I know what I want next. In fact, I want so many things for my next home that it’s impossible to reconcile them.
There are the bare necessities: a dishwasher, on-site laundry, a bathroom guests can use without having to walk through our bedroom. A bedroom big enough for a queen-size bed complete with headboard and footboard. Enough space for my desk and papers and Cooper’s desk and papers to coexist comfortably along with a living room and a dining table that fits more than four people.
Whoa now, that’s already asking a lot, especially considering that we’ll still be renting at our next place, and it will most likely be an apartment. Let me make it more fantastical for you, though.

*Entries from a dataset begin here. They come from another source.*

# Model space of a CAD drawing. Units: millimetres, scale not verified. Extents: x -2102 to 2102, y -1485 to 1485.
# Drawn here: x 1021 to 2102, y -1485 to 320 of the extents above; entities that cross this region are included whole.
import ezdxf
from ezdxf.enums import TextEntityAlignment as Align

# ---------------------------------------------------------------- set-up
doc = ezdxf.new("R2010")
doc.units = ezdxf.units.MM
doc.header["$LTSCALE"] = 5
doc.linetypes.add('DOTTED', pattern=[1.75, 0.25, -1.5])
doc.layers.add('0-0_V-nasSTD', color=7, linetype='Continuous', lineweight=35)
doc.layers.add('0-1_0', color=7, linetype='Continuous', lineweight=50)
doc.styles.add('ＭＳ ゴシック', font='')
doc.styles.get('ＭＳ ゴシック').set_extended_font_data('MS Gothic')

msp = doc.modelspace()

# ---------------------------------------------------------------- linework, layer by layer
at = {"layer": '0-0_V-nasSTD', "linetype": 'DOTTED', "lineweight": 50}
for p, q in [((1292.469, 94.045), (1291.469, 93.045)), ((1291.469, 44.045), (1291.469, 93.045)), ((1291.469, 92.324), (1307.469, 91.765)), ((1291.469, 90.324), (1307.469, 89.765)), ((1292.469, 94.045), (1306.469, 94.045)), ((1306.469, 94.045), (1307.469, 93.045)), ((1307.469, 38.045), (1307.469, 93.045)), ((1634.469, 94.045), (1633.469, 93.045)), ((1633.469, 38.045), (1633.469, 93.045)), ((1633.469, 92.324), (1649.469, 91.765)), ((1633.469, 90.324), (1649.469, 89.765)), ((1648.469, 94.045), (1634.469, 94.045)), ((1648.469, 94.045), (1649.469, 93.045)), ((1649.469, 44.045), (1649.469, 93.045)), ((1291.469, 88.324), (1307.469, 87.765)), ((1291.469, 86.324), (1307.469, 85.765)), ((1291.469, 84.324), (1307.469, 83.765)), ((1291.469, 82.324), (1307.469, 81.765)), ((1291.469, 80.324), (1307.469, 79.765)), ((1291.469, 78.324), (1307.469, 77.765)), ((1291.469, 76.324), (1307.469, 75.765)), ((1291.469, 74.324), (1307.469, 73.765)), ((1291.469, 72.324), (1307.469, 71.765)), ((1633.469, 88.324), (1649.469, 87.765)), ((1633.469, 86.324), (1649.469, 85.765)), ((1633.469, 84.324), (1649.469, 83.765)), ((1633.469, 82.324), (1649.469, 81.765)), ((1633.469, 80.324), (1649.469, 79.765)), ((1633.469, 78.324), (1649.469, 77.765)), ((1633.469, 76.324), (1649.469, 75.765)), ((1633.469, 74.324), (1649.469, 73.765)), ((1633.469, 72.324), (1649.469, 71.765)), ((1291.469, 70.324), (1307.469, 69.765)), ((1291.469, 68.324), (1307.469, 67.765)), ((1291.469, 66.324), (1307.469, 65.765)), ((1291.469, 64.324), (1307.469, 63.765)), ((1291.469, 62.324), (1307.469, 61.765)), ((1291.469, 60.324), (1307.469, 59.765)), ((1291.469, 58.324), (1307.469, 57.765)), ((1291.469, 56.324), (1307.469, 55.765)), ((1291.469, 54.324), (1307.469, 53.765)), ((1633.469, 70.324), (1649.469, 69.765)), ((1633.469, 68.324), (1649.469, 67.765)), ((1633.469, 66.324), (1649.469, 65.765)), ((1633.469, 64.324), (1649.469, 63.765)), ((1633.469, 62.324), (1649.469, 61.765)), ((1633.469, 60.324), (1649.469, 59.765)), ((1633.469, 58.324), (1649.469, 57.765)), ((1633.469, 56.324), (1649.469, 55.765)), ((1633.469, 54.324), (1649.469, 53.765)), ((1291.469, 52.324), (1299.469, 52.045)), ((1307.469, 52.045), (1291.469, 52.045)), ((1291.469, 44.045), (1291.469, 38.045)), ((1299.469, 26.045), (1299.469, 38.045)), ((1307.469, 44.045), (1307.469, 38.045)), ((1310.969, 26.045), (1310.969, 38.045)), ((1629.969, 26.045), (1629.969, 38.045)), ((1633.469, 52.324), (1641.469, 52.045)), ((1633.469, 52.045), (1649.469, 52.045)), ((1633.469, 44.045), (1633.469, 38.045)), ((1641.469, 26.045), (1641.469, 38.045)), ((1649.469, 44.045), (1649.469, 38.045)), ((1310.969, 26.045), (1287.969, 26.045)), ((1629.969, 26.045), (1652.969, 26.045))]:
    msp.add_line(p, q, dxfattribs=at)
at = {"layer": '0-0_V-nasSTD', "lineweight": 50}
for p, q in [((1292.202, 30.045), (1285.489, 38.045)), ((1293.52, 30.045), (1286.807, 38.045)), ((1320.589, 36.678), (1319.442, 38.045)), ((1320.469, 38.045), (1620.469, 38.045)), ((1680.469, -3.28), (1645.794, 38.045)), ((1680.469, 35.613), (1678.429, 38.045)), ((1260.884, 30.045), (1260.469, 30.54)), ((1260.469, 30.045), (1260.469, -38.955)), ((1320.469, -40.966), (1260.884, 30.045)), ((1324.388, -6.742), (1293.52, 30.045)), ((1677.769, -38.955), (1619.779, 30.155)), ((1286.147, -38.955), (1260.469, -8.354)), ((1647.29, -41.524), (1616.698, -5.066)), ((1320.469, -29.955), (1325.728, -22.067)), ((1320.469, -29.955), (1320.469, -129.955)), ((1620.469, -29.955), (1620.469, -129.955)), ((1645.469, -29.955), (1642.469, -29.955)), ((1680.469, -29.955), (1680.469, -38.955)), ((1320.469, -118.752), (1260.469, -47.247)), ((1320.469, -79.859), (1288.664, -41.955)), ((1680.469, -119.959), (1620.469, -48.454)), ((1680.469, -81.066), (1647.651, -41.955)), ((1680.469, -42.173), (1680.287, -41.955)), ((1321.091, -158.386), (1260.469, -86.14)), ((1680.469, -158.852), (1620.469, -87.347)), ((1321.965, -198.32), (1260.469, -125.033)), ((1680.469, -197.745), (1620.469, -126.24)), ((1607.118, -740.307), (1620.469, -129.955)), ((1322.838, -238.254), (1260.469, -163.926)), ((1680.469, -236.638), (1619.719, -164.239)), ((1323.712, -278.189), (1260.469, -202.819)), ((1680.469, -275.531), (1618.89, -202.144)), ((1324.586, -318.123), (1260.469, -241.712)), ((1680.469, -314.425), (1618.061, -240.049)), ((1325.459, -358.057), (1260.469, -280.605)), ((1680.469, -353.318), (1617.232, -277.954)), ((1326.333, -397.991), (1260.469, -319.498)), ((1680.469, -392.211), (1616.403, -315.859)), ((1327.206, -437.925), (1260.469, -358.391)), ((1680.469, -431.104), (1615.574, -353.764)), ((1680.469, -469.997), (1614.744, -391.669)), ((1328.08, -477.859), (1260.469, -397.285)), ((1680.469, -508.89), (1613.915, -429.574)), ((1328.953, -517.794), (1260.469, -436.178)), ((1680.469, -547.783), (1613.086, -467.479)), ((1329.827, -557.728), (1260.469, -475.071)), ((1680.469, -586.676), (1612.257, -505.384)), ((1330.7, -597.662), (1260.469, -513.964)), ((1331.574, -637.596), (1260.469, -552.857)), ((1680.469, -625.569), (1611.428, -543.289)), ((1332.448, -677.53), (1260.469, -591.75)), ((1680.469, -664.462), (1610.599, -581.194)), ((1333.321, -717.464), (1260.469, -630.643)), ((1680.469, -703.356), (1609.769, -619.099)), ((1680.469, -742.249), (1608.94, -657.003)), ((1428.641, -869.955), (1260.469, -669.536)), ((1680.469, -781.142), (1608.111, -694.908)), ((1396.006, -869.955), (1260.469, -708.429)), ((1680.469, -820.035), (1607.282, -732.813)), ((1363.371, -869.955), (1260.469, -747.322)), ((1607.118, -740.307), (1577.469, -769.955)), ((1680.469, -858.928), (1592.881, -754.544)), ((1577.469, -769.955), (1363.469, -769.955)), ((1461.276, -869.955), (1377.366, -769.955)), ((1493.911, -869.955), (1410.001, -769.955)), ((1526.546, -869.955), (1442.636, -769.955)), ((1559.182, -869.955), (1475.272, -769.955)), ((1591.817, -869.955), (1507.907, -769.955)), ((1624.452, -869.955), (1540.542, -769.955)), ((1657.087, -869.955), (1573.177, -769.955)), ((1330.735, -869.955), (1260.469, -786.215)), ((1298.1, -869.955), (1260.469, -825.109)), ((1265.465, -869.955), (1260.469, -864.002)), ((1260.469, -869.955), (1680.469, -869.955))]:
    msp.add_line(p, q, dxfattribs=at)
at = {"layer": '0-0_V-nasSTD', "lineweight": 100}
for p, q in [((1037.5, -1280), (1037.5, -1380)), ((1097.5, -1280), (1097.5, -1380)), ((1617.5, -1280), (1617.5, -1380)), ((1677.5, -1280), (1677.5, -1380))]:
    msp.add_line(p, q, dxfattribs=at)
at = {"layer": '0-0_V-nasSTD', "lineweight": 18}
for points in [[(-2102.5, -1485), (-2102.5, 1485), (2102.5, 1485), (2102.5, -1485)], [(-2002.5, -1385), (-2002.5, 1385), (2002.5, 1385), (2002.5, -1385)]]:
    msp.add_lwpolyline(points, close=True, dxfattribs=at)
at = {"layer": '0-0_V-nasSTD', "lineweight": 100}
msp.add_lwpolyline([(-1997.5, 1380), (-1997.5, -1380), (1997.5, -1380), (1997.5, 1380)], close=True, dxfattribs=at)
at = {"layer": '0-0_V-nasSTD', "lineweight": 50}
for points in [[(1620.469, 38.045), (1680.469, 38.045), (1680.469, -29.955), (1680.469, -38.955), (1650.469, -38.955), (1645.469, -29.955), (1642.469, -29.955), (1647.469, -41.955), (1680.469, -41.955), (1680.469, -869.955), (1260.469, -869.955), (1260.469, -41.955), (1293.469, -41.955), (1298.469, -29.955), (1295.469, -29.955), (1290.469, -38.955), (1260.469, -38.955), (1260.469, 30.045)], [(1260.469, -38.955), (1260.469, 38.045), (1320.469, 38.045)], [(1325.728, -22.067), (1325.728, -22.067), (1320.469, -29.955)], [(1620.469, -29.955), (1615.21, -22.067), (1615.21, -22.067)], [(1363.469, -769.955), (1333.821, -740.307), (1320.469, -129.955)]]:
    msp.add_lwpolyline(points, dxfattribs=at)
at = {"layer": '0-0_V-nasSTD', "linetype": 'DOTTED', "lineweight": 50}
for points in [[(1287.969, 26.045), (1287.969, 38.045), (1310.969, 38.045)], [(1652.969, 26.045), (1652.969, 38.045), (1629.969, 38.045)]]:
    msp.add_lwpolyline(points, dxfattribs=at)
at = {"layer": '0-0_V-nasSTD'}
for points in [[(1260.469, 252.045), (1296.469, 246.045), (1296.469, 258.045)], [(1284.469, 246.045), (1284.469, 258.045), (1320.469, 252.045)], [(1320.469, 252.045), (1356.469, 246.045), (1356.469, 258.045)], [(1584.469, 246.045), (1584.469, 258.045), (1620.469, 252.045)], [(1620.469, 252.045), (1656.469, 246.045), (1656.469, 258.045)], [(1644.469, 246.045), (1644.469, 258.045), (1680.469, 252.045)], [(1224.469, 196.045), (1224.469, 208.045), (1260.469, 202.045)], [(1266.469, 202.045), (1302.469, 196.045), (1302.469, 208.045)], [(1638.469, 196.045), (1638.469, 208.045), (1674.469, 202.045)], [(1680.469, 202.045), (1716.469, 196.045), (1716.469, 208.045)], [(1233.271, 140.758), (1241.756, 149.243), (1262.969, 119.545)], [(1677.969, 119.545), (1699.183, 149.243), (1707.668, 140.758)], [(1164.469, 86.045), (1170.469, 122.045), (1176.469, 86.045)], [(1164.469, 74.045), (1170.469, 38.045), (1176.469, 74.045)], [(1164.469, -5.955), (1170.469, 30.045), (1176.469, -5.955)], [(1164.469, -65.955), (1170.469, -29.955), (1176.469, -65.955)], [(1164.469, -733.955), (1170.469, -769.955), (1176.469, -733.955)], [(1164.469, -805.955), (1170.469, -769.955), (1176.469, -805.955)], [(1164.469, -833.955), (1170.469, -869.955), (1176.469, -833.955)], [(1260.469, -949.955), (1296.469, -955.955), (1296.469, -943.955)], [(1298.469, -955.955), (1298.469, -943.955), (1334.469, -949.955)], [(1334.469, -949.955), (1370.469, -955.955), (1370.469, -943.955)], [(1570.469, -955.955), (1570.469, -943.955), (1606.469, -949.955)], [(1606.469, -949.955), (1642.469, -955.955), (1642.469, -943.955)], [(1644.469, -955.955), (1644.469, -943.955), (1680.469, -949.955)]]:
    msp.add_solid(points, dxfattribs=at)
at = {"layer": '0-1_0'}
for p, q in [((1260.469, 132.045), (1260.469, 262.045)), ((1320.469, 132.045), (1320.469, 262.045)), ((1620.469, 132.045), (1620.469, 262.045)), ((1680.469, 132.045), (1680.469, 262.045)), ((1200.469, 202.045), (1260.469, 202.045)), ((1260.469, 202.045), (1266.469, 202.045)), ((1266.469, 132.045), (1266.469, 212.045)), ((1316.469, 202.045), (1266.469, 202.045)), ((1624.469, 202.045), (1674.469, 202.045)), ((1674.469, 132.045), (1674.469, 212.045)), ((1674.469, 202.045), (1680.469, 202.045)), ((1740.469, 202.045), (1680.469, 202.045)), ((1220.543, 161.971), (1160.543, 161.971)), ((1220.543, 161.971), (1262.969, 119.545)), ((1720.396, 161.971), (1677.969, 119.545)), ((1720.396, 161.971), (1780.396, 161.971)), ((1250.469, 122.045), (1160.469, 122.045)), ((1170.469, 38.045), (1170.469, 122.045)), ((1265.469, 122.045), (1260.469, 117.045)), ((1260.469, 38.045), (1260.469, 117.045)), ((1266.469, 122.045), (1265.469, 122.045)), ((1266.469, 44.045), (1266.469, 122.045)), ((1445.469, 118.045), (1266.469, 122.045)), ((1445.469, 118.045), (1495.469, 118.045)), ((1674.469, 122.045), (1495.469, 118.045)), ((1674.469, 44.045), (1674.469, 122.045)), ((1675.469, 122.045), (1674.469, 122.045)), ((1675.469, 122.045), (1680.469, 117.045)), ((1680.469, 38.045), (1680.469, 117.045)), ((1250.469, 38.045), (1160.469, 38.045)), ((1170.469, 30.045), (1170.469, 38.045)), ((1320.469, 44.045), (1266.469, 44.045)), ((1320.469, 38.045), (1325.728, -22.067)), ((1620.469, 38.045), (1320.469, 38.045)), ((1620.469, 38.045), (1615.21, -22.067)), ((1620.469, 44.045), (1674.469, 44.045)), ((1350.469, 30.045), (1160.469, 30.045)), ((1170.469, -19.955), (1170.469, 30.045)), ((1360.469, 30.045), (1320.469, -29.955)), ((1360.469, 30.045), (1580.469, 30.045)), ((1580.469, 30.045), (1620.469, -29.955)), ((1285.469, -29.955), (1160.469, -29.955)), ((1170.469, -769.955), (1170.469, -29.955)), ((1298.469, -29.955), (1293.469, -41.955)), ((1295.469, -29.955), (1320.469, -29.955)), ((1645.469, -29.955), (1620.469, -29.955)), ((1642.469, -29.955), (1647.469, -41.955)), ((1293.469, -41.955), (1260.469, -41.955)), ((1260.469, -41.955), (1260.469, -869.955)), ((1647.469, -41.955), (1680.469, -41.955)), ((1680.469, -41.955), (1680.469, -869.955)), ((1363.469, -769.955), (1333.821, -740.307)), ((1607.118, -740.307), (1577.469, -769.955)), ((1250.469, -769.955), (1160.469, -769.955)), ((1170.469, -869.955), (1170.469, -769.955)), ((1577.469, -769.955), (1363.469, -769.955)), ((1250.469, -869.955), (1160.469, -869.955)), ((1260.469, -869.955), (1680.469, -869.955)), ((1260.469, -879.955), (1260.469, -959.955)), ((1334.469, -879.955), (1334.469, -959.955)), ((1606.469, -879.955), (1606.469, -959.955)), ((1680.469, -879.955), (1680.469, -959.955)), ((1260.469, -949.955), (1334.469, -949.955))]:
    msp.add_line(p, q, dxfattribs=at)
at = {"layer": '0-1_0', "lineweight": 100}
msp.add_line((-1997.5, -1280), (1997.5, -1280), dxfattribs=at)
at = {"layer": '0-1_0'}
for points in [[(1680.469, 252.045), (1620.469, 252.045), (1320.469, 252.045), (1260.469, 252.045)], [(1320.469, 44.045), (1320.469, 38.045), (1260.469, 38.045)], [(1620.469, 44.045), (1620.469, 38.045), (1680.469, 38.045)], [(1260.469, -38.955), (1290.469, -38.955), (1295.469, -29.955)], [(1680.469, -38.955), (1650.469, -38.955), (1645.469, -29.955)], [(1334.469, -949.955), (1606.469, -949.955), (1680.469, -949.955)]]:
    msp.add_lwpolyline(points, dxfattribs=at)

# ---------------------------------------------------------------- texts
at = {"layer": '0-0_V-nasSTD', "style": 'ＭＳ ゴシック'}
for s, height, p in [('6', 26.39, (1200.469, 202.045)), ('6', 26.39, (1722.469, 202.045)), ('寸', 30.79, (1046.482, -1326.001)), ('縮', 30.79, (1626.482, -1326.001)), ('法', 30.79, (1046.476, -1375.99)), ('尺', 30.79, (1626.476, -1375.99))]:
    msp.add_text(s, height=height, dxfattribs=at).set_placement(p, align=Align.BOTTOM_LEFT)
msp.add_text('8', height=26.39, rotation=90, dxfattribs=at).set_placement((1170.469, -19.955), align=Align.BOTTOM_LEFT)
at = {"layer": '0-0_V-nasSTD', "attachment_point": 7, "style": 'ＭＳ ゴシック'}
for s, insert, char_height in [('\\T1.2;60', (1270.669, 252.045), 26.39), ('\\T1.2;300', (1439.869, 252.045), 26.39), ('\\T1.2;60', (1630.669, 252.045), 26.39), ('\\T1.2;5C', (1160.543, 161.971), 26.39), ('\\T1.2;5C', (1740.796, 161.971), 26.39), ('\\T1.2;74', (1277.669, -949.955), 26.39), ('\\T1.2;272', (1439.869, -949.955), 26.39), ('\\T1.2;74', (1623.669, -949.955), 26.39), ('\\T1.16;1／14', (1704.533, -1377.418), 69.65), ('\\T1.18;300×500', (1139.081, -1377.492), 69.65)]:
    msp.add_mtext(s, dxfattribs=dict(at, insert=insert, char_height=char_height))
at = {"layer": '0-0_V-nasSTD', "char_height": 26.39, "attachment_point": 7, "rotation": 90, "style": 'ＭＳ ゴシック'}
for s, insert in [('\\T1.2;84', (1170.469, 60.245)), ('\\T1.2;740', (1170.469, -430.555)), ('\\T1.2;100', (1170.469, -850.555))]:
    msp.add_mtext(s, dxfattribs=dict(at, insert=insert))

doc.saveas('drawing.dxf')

I dream of a guest bedroom/office, with a beautiful iron bed, an extra sofa or at least a pretty bench at the foot of the bed, a wall of bookshelves. I want a restful place for my friends to sleep when they visit, safe from cat fur and early wakers rumbling in the kitchen. I want doors that really close, sometimes, for the guests and for me.
I imagine a kitchen that can be clean. Fresh paint, truly flat and smooth surfaces, no weird grime. I think we might need a hood over the stove because of all the grease our current kitchen collects, but maybe cabinets without sticky paint and grooves in all the surfaces, without a forced air vent on the floor directly next to the stove, would be easy enough to clean. There’s a big table in the new kitchen, so we can cook dinners to share, with a bench or maybe a corner banquette on one or two sides.
(A home built with right angles, perhaps, although I plan on it predating World War II, and so maybe it’s too much to ask for straight floors.)
I hope for a real porch, if not at least a weird fire escape like we have now. I want to eat outside and each year, grow a few more plants than I did the year before. (All I really added to last year’s garden were prettier pots and some geraniums.)
And then sometimes, I dream really big. I see us buying a house that would be a lot more work, but probably also a lot of fun. We plant trees and fill our yard with flowers and herbs and vegetables and put solar panels on the roof. We try having our own chickens, like Ali and Drew, so we know the eggs we eat every day come from animals who are healthy and appreciated. We could host our parents for weeks at a time and give a dog a home and throw big parties.
But that’s a completely different life from the one we’re living now, and it’s not a life I’m really ready for. I want a little more space, and a different layout; I’m sick of coming up against the same limitations every time I try to make our home work better or look different. Mostly, I want to be able to better accommodate friends and family, and ease some burdens in our daily life (laundromat trips!!)—but without spending a whole lot more money, or widening our carbon footprint. I don’t want to upsize just because we can. I don’t want to accumulate anything we don’t need or truly want. I get frustrated now sometimes because we have too much furniture, not enough space for our things to breathe, no room to pull out couches to clean under them. It’s so easy for the cats to run from one piece of furniture to the next as they chase each other wildly in the evening, following the furniture packed into the perimeter and endangering the plants, the lamps, the external hard drives I haven’t put away because I’m not done with them yet. It’s only a matter of time before they cause a cataclysm.
But, you know, I really don’t know where I’ll be living next year. Anything could happen, be it a real bed or a laundry closet next to the bedroom or three bedrooms, a garage, and a chicken coop.
What else? What do you plan on changing when, or if, you move again?